16.1 The Challenge of Unstructured ModelingΒΆ

The goal of deep learning: scale ML to kinds of challenges needed to solve artificial intelligence. This means being able to understand high-D data with rich structure.

The process of classification discards most of the information in the input and produces a single output. The classifier is also often able to ignore many parts of the input. It is possible to ask probablistic models to do many other tasks. Most require a complete understanding of the entire structure of the input, with no option to ignore sections of it.

  • Density Estimation: Given an input x, the ML system returns an estimation of the true density p(x) under the data generating distribution.
  • Denoising: Given a damaged or incorrectly observed input \(\tilde{x}\), the ML system returns an estimate of the original or correct x.
  • Missing value imputation: Given the observations of some element of x, the model is asked to return estimates of or a probablistic distribution over some or all of the unobserved elements of x.
  • Sampling: The model generates new samples from the distribution p(x)

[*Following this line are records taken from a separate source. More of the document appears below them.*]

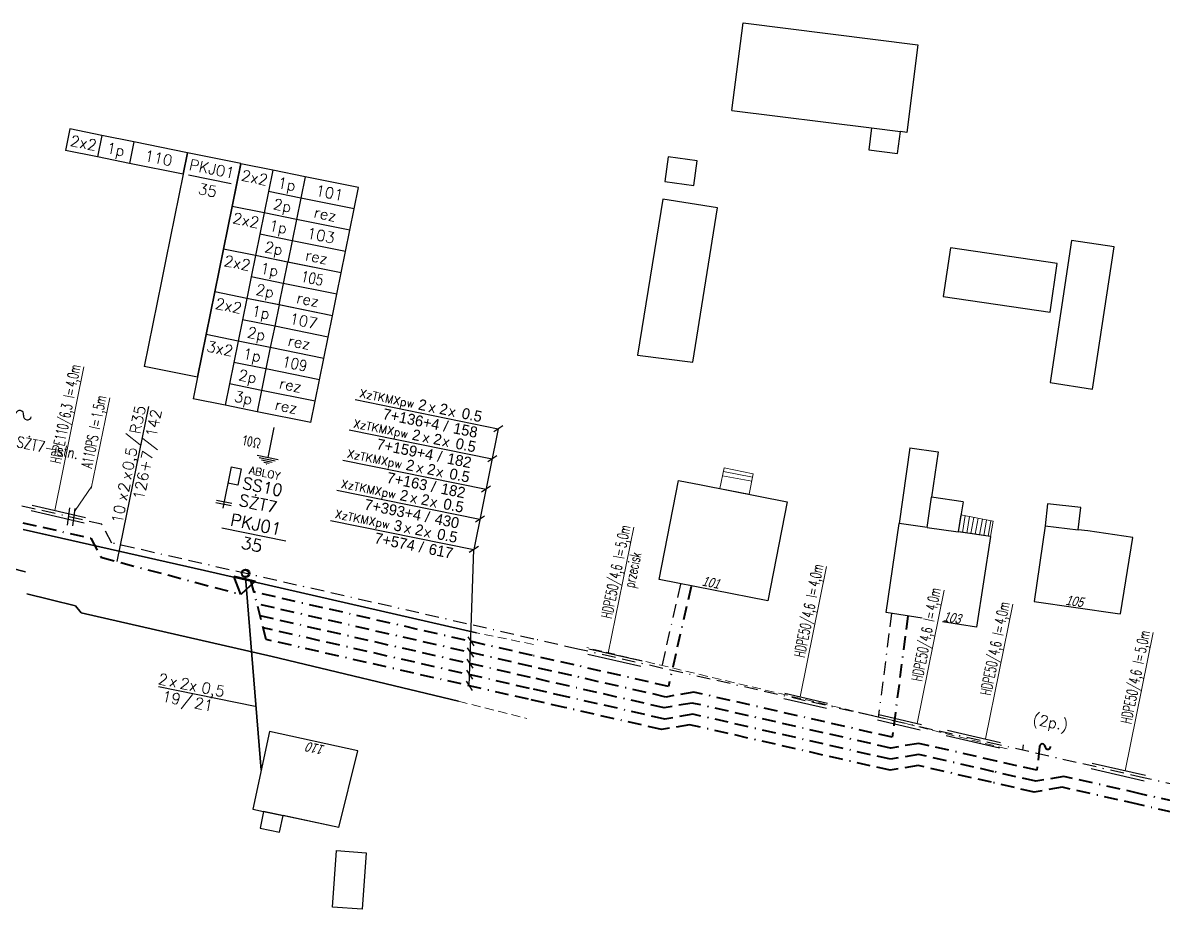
# Model space of a CAD drawing. Header units: millimetres. Extents: x 4848043 to 9699780, y 5827542 to 11659147.
# Drawn here: x 4850410.4 to 4850535.8, y 5827627.9 to 5827725.5 of the extents above; entities that cross this region are included whole.
import ezdxf
from ezdxf.enums import TextEntityAlignment as Align

# ---------------------------------------------------------------- set-up
doc = ezdxf.new("R2010")
doc.units = ezdxf.units.MM
doc.header["$MEASUREMENT"] = 0
for name, pattern in [('0', [0]), ('BORDER', [1.75, 0.5, -0.25, 0.5, -0.25, 0, -0.25]), ('KOJ', [0]), ('KOU', [1.5, 1, -0.5]), ('SCH', [0])]:
    doc.linetypes.add(name, pattern=pattern)
doc.layers.get('0').update_dxf_attribs({"lineweight": 18})
for name, color, linetype, lineweight in [('EADTD_T_0', 7, '0', 18), ('EBTPO_L_6', 9, '0', 18), ('EBUPP_L_3', 6, '0', 25), ('SDRPK_L_0', 7, '0', 35), ('SDRPK_L_1', 7, 'KOU', 18), ('TEL kable doziemne proj.', 32, 'BORDER', 30), ('TEL rury', 6, 'Continuous', 30), ('TEL rury opis', 6, 'Continuous', 20), ('TES kable doziemne proj.', 4, 'BORDER', 40), ('TES kable napow. proj.', 241, 'LIN_NAPOW_PROJ', 35), ('TES zakończenia projektowane', 4, 'Continuous', 40), ('TES złącza projektowane', 4, 'Continuous', 40), ('UZB słupy telefoniczne', 32, 'Continuous', 30)]:
    doc.layers.add(name, color=color, linetype=linetype, lineweight=lineweight)
for name, color, linetype in [('NR-RYS @ 1', 7, 'Continuous'), ('OPIS_KABLA', 30, 'Continuous'), ('OPIS_RURY', 6, 'Continuous'), ('RURY-ISTN', 6, 'Continuous'), ('TES opisy kabli abon.', 30, 'Continuous'), ('TES opisy kabli rozdz.', 30, 'Continuous'), ('TES opisy zakończeń', 30, 'Continuous'), ('TES rury', 6, 'Continuous'), ('TES słup. PD', 6, 'Continuous')]:
    doc.layers.add(name, color=color, linetype=linetype)
doc.styles.add('ROMANS', font='simplex.shx')
doc.styles.add('SIMPLEX', font='simplex.shx', dxfattribs={"width": 0.8, "height": 1.5})
doc.styles.get("Standard").update_dxf_attribs({"font": 'txt', "width": 0.8, "oblique": 15})
doc.linetypes.add('LIN_NAPOW_PROJ', pattern='A,0.0001,-0.4,[136,l_napow.shx,S=0.1,R=0,X=-0.4,Y=0],-0.2,[137,l_napow.shx,S=0.1,R=0,X=-0.2,Y=0],-0.2', length=0.8001)

# ---------------------------------------------------------------- blocks, each defined once
blk = doc.blocks.new('TR-SL1')
blk.add_circle((0, 0), 0.5)
blk = doc.blocks.new('RE-PP')
for centre, start, end in [((0, 0.25), 90, 270), ((0, 0.75), 270, 90)]:
    blk.add_arc(centre, 0.25, start, end)
blk = doc.blocks.new('KBR-SL1P')
for p, q in [((0, 0), (-1, 1.48)), ((-1, 1.48), (1, 1.48)), ((1, 1.48), (0, 0))]:
    blk.add_line(p, q)
blk.add_circle((0, 1.98), 0.35)
blk = doc.blocks.new('KB-RZP')
at = {"style": 'SIMPLEX'}
for s, p in [('/', (0.5, 0.39)), ('x', (-4.75, 0.25)), ('x', (-2.78, 0.25))]:
    blk.add_text(s, height=1, dxfattribs=at).set_placement(p)
for tag, p in [('POJ-KAB', (-5.16, 0.25)), ('DL-KAB', (0.19, -1.25))]:
    blk.add_attdef(tag, text='', height=1, dxfattribs=at).set_placement(p, align=Align.RIGHT)
for tag, p in [('KONS-KAB', (-3.5, 0.25)), ('SR-ZYL', (-0.85, 0.25)), ('SEP', (0.84, -1.25))]:
    blk.add_attdef(tag, text='', height=1, dxfattribs=at).set_placement(p, align=Align.CENTER)
for tag, p in [('NR-KAB', (1.5, 0.25)), ('DL-MON', (1.5, -1.25))]:
    blk.add_attdef(tag, p, '', height=1, dxfattribs=at)
at = {"style": 'SIMPLEX', "flags": 1}
blk.add_attdef('TYP-KAB', text='', height=0.5, dxfattribs=at).set_placement((-8.41, 0.25), align=Align.RIGHT)
blk.add_attdef('REJ-SZAF', (7.64, 0.25), '', height=0.5, dxfattribs=at)
blk = doc.blocks.new('KB-IWP')
at = {"style": 'SIMPLEX'}
for p in [(-1.22, 0.25), (0.64, 0.25)]:
    blk.add_text('x', height=1, dxfattribs=at).set_placement(p, align=Align.RIGHT)
for tag, p in [('POJ-KAB', (-2.13, 0.25)), ('DL-KAB', (-0.62, -1.25))]:
    blk.add_attdef(tag, text='', height=1, dxfattribs=at).set_placement(p, align=Align.RIGHT)
for tag, p in [('KONS-KAB', (-0.52, 0.25)), ('SR-ZYL', (2.12, 0.25)), ('SEP', (-0.02, -1.25))]:
    blk.add_attdef(tag, text='', height=1, dxfattribs=at).set_placement(p, align=Align.CENTER)
at = {"style": 'SIMPLEX', "flags": 1}
blk.add_attdef('TYP-KAB', text='', height=0.5, dxfattribs=at).set_placement((-6.02, 0.25), align=Align.RIGHT)
blk.add_attdef('REJ-SZAF', (6.39, 0.25), '', height=0.5, dxfattribs=at)
at = {"style": 'SIMPLEX'}
blk.add_attdef('DL-MON', (0.7, -1.25), '', height=1, dxfattribs=at)
blk = doc.blocks.new('OB')
at = {"style": 'ROMANS', "width": 0.6}
blk.add_text('l=', height=2, dxfattribs=at).set_placement((9.86, 0.18))
for tag, p in [('OB_TYP', (8.68, 0.18)), ('OB_SW', (11.54, -2.76))]:
    blk.add_attdef(tag, text='', height=2, dxfattribs=at).set_placement(p, align=Align.RIGHT)
blk.add_attdef('OB_DL', (11.91, 0.18), '', height=2, dxfattribs=at)
blk = doc.blocks.new('KBR-ZP2')
blk.add_line((-4, 2), (4, 2))
at = {"style": 'SIMPLEX'}
for tag, p in [('REJ-SZAF', (0, 2.5)), ('NR-ZAK', (0, 0))]:
    blk.add_attdef(tag, text='', height=1.5, dxfattribs=at).set_placement(p, align=Align.CENTER)
blk = doc.blocks.new('*U124')
for p, q in [((10, 0), (0, 0)), ((0, 0), (0, -4)), ((10, -4), (10, 0)), ((0, -4), (0, -8)), ((9, -4), (1, -4)), ((10, -8), (10, -4)), ((0, -8), (0, -12)), ((10, -12), (10, -8)), ((0, -12), (0, -16)), ((10, -16), (10, -12)), ((0, -16), (0, -20)), ((10, -20), (10, -16)), ((0, -20), (0, -24)), ((10, -24), (10, -20)), ((0, -24), (0, -28)), ((10, -28), (10, -24)), ((0, -28), (0, -32)), ((10, -32), (10, -28)), ((0, -32), (0, -36)), ((10, -36), (10, -32)), ((0, -36), (0, -40)), ((10, -40), (10, -36)), ((10, -40), (0, -40))]:
    blk.add_line(p, q)
at = {"style": 'SIMPLEX'}
for tag, p in [('SZAFA', (5, -2)), ('PUNKT', (5, -6))]:
    blk.add_attdef(tag, text='', height=2, dxfattribs=at).set_placement(p, align=Align.MIDDLE_CENTER)
blk = doc.blocks.new('*U136')
for p, q in [((6, 0), (0, 0)), ((0, 0), (0, -4)), ((6, 0), (6, -4)), ((12, 0), (6, 0)), ((22, 0), (12, 0)), ((12, 0), (12, -4)), ((22, -4), (22, 0)), ((6, -4), (0, -4)), ((12, -4), (6, -4)), ((22, -4), (12, -4))]:
    blk.add_line(p, q)
at = {"style": 'SIMPLEX'}
for s, p in [('2x2', (3, -2)), ('1p', (9, -2))]:
    blk.add_text(s, height=2, dxfattribs=at).set_placement(p, align=Align.MIDDLE_CENTER)
blk.add_attdef('PARA1', text='', height=2, dxfattribs=at).set_placement((17, -2), align=Align.MIDDLE_CENTER)
blk = doc.blocks.new('*U123')
for p, q in [((6, 0), (0, 0)), ((0, 0), (0, -4)), ((6, 0), (6, -4)), ((12, 0), (6, 0)), ((22, 0), (12, 0)), ((12, 0), (12, -4)), ((22, -4), (22, 0)), ((0, -4), (0, -8)), ((6, -4), (6, -8)), ((12, -4), (6, -4)), ((22, -4), (12, -4)), ((12, -4), (12, -8)), ((22, -8), (22, -4)), ((6, -8), (0, -8)), ((12, -8), (6, -8)), ((22, -8), (12, -8))]:
    blk.add_line(p, q)
at = {"style": 'SIMPLEX'}
for s, p in [('2x2', (3, -2)), ('1p', (9, -2)), ('2p', (9, -6))]:
    blk.add_text(s, height=2, dxfattribs=at).set_placement(p, align=Align.MIDDLE_CENTER)
for tag, p in [('PARA1', (17, -2)), ('PARA2', (17, -6))]:
    blk.add_attdef(tag, text='', height=2, dxfattribs=at).set_placement(p, align=Align.MIDDLE_CENTER)
blk = doc.blocks.new('*U125')
for p, q in [((6, 0), (0, 0)), ((0, 0), (0, -8)), ((6, 0), (6, -4)), ((12, 0), (6, 0)), ((22, 0), (12, 0)), ((12, 0), (12, -4)), ((22, -4), (22, 0)), ((6, -4), (6, -8)), ((12, -4), (6, -4)), ((22, -4), (12, -4)), ((12, -4), (12, -8)), ((22, -8), (22, -4)), ((0, -8), (0, -12)), ((6, -8), (6, -12)), ((12, -8), (6, -8)), ((22, -8), (12, -8)), ((12, -8), (12, -12)), ((22, -12), (22, -8)), ((6, -12), (0, -12)), ((12, -12), (6, -12)), ((22, -12), (12, -12))]:
    blk.add_line(p, q)
at = {"style": 'SIMPLEX'}
for s, p in [('3x2', (3, -2)), ('1p', (9, -2)), ('2p', (9, -6)), ('3p', (9, -10))]:
    blk.add_text(s, height=2, dxfattribs=at).set_placement(p, align=Align.MIDDLE_CENTER)
for tag, p in [('PARA1', (17, -2)), ('PARA2', (17, -6)), ('PARA3', (17, -10))]:
    blk.add_attdef(tag, text='', height=2, dxfattribs=at).set_placement(p, align=Align.MIDDLE_CENTER)

msp = doc.modelspace()

# ---------------------------------------------------------------- linework, layer by layer
at = {"layer": 'EBTPO_L_6', "linetype": 'SCH'}
for p, q in [((4850487.09, 5827674.23), (4850487.55, 5827676.49)), ((4850490.75, 5827675.86), (4850487.55, 5827676.49)), ((4850487.38, 5827675.64), (4850490.59, 5827675.02)), ((4850487.47, 5827676.1), (4850490.68, 5827675.48)), ((4850490.31, 5827673.59), (4850490.75, 5827675.86)), ((4850490.31, 5827673.59), (4850487.09, 5827674.23)), ((4850513.28, 5827669.46), (4850513.6, 5827671.33)), ((4850513.6, 5827671.33), (4850517.15, 5827670.62)), ((4850514.07, 5827671.24), (4850513.76, 5827669.39)), ((4850514.55, 5827671.14), (4850514.24, 5827669.32)), ((4850515.01, 5827671.05), (4850514.7, 5827669.26)), ((4850515.49, 5827670.96), (4850515.18, 5827669.19)), ((4850515.96, 5827670.87), (4850515.66, 5827669.12)), ((4850516.42, 5827670.76), (4850516.13, 5827669.05)), ((4850516.9, 5827670.67), (4850516.61, 5827668.99)), ((4850516.86, 5827668.95), (4850517.15, 5827670.62)), ((4850513.28, 5827669.46), (4850516.86, 5827668.95))]:
    msp.add_line(p, q, dxfattribs=at)
at = {"layer": 'EBUPP_L_3', "linetype": '0'}
for p, q in [((4850488.41, 5827715.85), (4850489.64, 5827725.49)), ((4850489.64, 5827725.49), (4850508.86, 5827723.05)), ((4850508.86, 5827723.05), (4850507.64, 5827713.42)), ((4850488.41, 5827715.85), (4850503.76, 5827713.91)), ((4850503.76, 5827713.91), (4850503.46, 5827711.52)), ((4850503.76, 5827713.91), (4850506.94, 5827713.51)), ((4850506.63, 5827711.12), (4850506.94, 5827713.51)), ((4850507.64, 5827713.42), (4850506.94, 5827713.51)), ((4850503.46, 5827711.52), (4850506.63, 5827711.12)), ((4850481.41, 5827710.72), (4850481.04, 5827708.01)), ((4850484.58, 5827710.28), (4850481.41, 5827710.72)), ((4850484.21, 5827707.58), (4850484.58, 5827710.28)), ((4850481.04, 5827708.01), (4850484.21, 5827707.58)), ((4850480.82, 5827706.07), (4850478.03, 5827688.91)), ((4850486.83, 5827705.11), (4850480.82, 5827706.07)), ((4850484.11, 5827688.14), (4850486.83, 5827705.11)), ((4850525.78, 5827701.54), (4850523.4, 5827685.88)), ((4850530.45, 5827700.83), (4850525.78, 5827701.54)), ((4850512.46, 5827700.73), (4850511.65, 5827695.38)), ((4850524.2, 5827698.98), (4850512.46, 5827700.73)), ((4850528.08, 5827685.17), (4850530.45, 5827700.83)), ((4850523.41, 5827693.63), (4850524.2, 5827698.98)), ((4850511.65, 5827695.38), (4850523.41, 5827693.63)), ((4850478.03, 5827688.91), (4850484.11, 5827688.14)), ((4850523.4, 5827685.88), (4850528.08, 5827685.17)), ((4850507.98, 5827678.7), (4850506.79, 5827670.39)), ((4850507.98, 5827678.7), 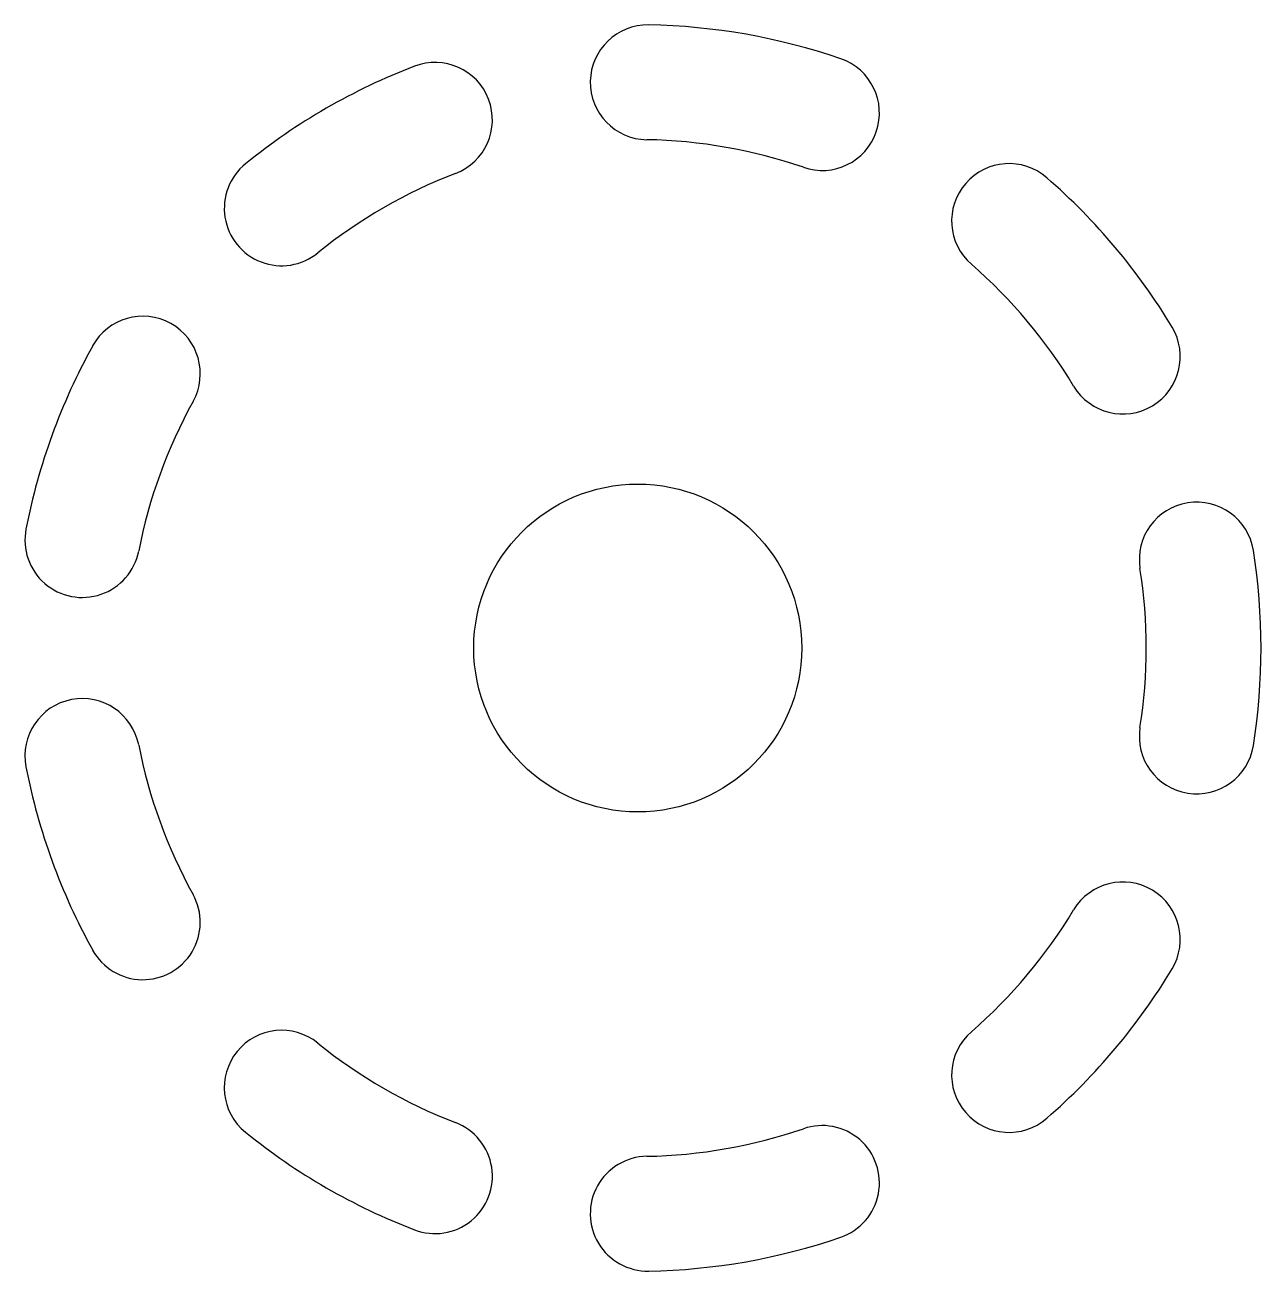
# Model space of a CAD drawing. Header units: metres. Extents: x -29.9 to 30.4, y -30.4 to 30.4.
import ezdxf

# ---------------------------------------------------------------- set-up
doc = ezdxf.new("R2010")
doc.units = ezdxf.units.M

msp = doc.modelspace()

# ---------------------------------------------------------------- linework, layer by layer
msp.add_circle((0, 0), 8)
for centre, radius, start, end in [((0.482, 27.596), 2.8, 89, 269), ((0, 0), 30.4, 71, 89), ((8.986, 26.096), 2.8, 251, 431), ((0, 0), 30.4, 111, 129), ((-9.891, 25.767), 2.8, 291, 471), ((0, 0), 24.8, 71, 89), ((-17.369, 21.449), 2.8, 129, 309), ((0, 0), 24.8, 111, 129), ((18.107, 20.83), 2.8, 49, 229), ((0, 0), 30.4, 31, 49), ((0, 0), 24.8, 31, 49), ((-24.14, 13.381), 2.8, 331, 511), ((23.658, 14.215), 2.8, 211, 391), ((0, 0), 30.4, 151, 169), ((0, 0), 24.8, 151, 169), ((27.26, 4.318), 2.8, 9, 189), ((-27.093, 5.266), 2.8, 169, 349), ((0, 0), 30.4, -9, 9), ((0, 0), 24.8, -9, 9), ((-27.093, -5.266), 2.8, 371, 551), ((27.26, -4.318), 2.8, 171, 351), ((0, 0), 24.8, 191, 209), ((0, 0), 30.4, 191, 209), ((23.658, -14.215), 2.8, 329, 509), ((-24.14, -13.381), 2.8, 209, 389), ((0, 0), 24.8, 311, 329), ((0, 0), 30.4, 311, 329), ((-17.369, -21.449), 2.8, 411, 591), ((18.107, -20.83), 2.8, 491, 671), ((0, 0), 24.8, 231, 249), ((0, 0), 30.4, 231, 249), ((-9.891, -25.767), 2.8, 249, 429), ((0, 0), 24.8, 271, 289), ((8.986, -26.096), 2.8, 289, 469), ((0.482, -27.596), 2.8, 451, 631), ((0, 0), 30.4, 271, 289)]:
    msp.add_arc(centre, radius, start, end)

doc.saveas('drawing.dxf')

In general, if we wish to model a distribution over a random vector x containing n discrete variables capable of taking k values each, then the naive approach of respresenting P(x) by storing a lookup table with one probability value per possible outcome require \(k^n\) parameters. This is not feasible because:

  • Memory: the cost of storing the representations
  • Statistical efficiency: as the number of parameters in a model increase so does the amount of training data needed to choose the values those parameters using a statistical estimators.
  • Runtime-the cost of inference: Suppose we want to perform an inference to compute \(P(x_1)\) or \(P(x_1|x_2)\). Computing these distribution will require summing accross the entire table.
  • Runtime-the cost of sampling: Suppose we want to draw a sample from the model. Naive way: sample some value \(u \sim U(0, 1)\) then iterate through the table, adding up the probability values until they exceed u and return the outcome corresponding to that position in the table. This requires reading through the whole table in the worst case, so it has the same exponential cost as the older operations.

Problem with table based approach: we are explicitly modeling every possible kind of interaction between every possible subset of variables. Real task we encounters; much simpler than this.

Structured probablistic models provide a formal framework for modeling only direct interactions between random variables. This allow the model to have

  • significant fewer parameters
  • therefor be estimated reliably from less data
  • dramastically reduced computational cost in terms of storing the model, performing inference in the model and drawing samples from the model.